Out of the material that follows, write out exactly the lines from the line with "#278 = PLANE" to the line with "#10305 = EDGE_CURVE", both ends included, and no others.
★ ★ ★ ★ ★
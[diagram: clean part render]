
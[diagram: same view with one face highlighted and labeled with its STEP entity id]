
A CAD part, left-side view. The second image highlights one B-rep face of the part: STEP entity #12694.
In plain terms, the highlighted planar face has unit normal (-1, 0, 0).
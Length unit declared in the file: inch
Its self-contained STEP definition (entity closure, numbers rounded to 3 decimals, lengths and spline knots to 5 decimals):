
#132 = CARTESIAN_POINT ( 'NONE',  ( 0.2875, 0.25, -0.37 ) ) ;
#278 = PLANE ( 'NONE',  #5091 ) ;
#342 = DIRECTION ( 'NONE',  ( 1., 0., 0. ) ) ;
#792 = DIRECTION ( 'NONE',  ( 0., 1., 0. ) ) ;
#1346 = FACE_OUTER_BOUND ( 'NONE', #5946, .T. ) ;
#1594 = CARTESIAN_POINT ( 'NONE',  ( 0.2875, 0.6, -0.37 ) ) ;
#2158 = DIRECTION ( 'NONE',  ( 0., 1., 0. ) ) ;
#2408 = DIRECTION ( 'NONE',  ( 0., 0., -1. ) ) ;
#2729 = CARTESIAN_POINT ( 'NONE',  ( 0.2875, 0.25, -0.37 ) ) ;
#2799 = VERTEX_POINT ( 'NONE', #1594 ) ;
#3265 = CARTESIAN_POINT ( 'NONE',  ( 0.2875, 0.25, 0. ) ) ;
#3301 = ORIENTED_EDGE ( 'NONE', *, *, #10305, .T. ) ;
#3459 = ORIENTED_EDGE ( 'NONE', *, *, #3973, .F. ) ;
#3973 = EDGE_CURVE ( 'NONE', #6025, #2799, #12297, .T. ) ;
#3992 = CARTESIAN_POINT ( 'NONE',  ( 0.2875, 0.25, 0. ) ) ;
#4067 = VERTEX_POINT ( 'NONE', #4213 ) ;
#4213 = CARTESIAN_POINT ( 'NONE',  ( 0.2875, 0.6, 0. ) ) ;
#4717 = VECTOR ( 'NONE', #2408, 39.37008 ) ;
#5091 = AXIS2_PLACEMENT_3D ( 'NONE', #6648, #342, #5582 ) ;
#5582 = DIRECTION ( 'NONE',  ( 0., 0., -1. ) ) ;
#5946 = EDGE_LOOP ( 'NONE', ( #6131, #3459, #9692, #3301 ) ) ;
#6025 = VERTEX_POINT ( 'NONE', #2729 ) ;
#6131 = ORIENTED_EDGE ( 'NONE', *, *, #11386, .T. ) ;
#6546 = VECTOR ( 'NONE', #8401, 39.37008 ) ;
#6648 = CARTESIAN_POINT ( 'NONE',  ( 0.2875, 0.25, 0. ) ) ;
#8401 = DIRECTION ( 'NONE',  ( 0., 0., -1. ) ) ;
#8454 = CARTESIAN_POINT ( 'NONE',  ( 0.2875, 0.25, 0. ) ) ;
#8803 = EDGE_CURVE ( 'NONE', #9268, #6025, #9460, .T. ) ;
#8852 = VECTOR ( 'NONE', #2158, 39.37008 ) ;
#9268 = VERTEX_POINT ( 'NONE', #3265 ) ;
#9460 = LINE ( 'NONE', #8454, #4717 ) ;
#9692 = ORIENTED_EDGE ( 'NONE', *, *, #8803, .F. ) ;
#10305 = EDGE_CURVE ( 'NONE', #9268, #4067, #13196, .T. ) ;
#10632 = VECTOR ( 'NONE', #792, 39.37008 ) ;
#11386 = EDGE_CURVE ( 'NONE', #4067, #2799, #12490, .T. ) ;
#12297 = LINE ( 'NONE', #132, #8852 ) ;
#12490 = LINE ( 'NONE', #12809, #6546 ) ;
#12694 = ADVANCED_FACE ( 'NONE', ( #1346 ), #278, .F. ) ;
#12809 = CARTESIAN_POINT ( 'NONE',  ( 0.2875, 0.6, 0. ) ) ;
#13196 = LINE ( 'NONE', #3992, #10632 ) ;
★ ★ ★ ★ ★
▸ **ANSWER TO THIS TASK**:
#278 = PLANE ( 'NONE',  #5091 ) ;
#342 = DIRECTION ( 'NONE',  ( 1., 0., 0. ) ) ;
#792 = DIRECTION ( 'NONE',  ( 0., 1., 0. ) ) ;
#1346 = FACE_OUTER_BOUND ( 'NONE', #5946, .T. ) ;
#1594 = CARTESIAN_POINT ( 'NONE',  ( 0.2875, 0.6, -0.37 ) ) ;
#2158 = DIRECTION ( 'NONE',  ( 0., 1., 0. ) ) ;
#2408 = DIRECTION ( 'NONE',  ( 0., 0., -1. ) ) ;
#2729 = CARTESIAN_POINT ( 'NONE',  ( 0.2875, 0.25, -0.37 ) ) ;
#2799 = VERTEX_POINT ( 'NONE', #1594 ) ;
#3265 = CARTESIAN_POINT ( 'NONE',  ( 0.2875, 0.25, 0. ) ) ;
#3301 = ORIENTED_EDGE ( 'NONE', *, *, #10305, .T. ) ;
#3459 = ORIENTED_EDGE ( 'NONE', *, *, #3973, .F. ) ;
#3973 = EDGE_CURVE ( 'NONE', #6025, #2799, #12297, .T. ) ;
#3992 = CARTESIAN_POINT ( 'NONE',  ( 0.2875, 0.25, 0. ) ) ;
#4067 = VERTEX_POINT ( 'NONE', #4213 ) ;
#4213 = CARTESIAN_POINT ( 'NONE',  ( 0.2875, 0.6, 0. ) ) ;
#4717 = VECTOR ( 'NONE', #2408, 39.37008 ) ;
#5091 = AXIS2_PLACEMENT_3D ( 'NONE', #6648, #342, #5582 ) ;
#5582 = DIRECTION ( 'NONE',  ( 0., 0., -1. ) ) ;
#5946 = EDGE_LOOP ( 'NONE', ( #6131, #3459, #9692, #3301 ) ) ;
#6025 = VERTEX_POINT ( 'NONE', #2729 ) ;
#6131 = ORIENTED_EDGE ( 'NONE', *, *, #11386, .T. ) ;
#6546 = VECTOR ( 'NONE', #8401, 39.37008 ) ;
#6648 = CARTESIAN_POINT ( 'NONE',  ( 0.2875, 0.25, 0. ) ) ;
#8401 = DIRECTION ( 'NONE',  ( 0., 0., -1. ) ) ;
#8454 = CARTESIAN_POINT ( 'NONE',  ( 0.2875, 0.25, 0. ) ) ;
#8803 = EDGE_CURVE ( 'NONE', #9268, #6025, #9460, .T. ) ;
#8852 = VECTOR ( 'NONE', #2158, 39.37008 ) ;
#9268 = VERTEX_POINT ( 'NONE', #3265 ) ;
#9460 = LINE ( 'NONE', #8454, #4717 ) ;
#9692 = ORIENTED_EDGE ( 'NONE', *, *, #8803, .F. ) ;
#10305 = EDGE_CURVE ( 'NONE', #9268, #4067, #13196, .T. ) ;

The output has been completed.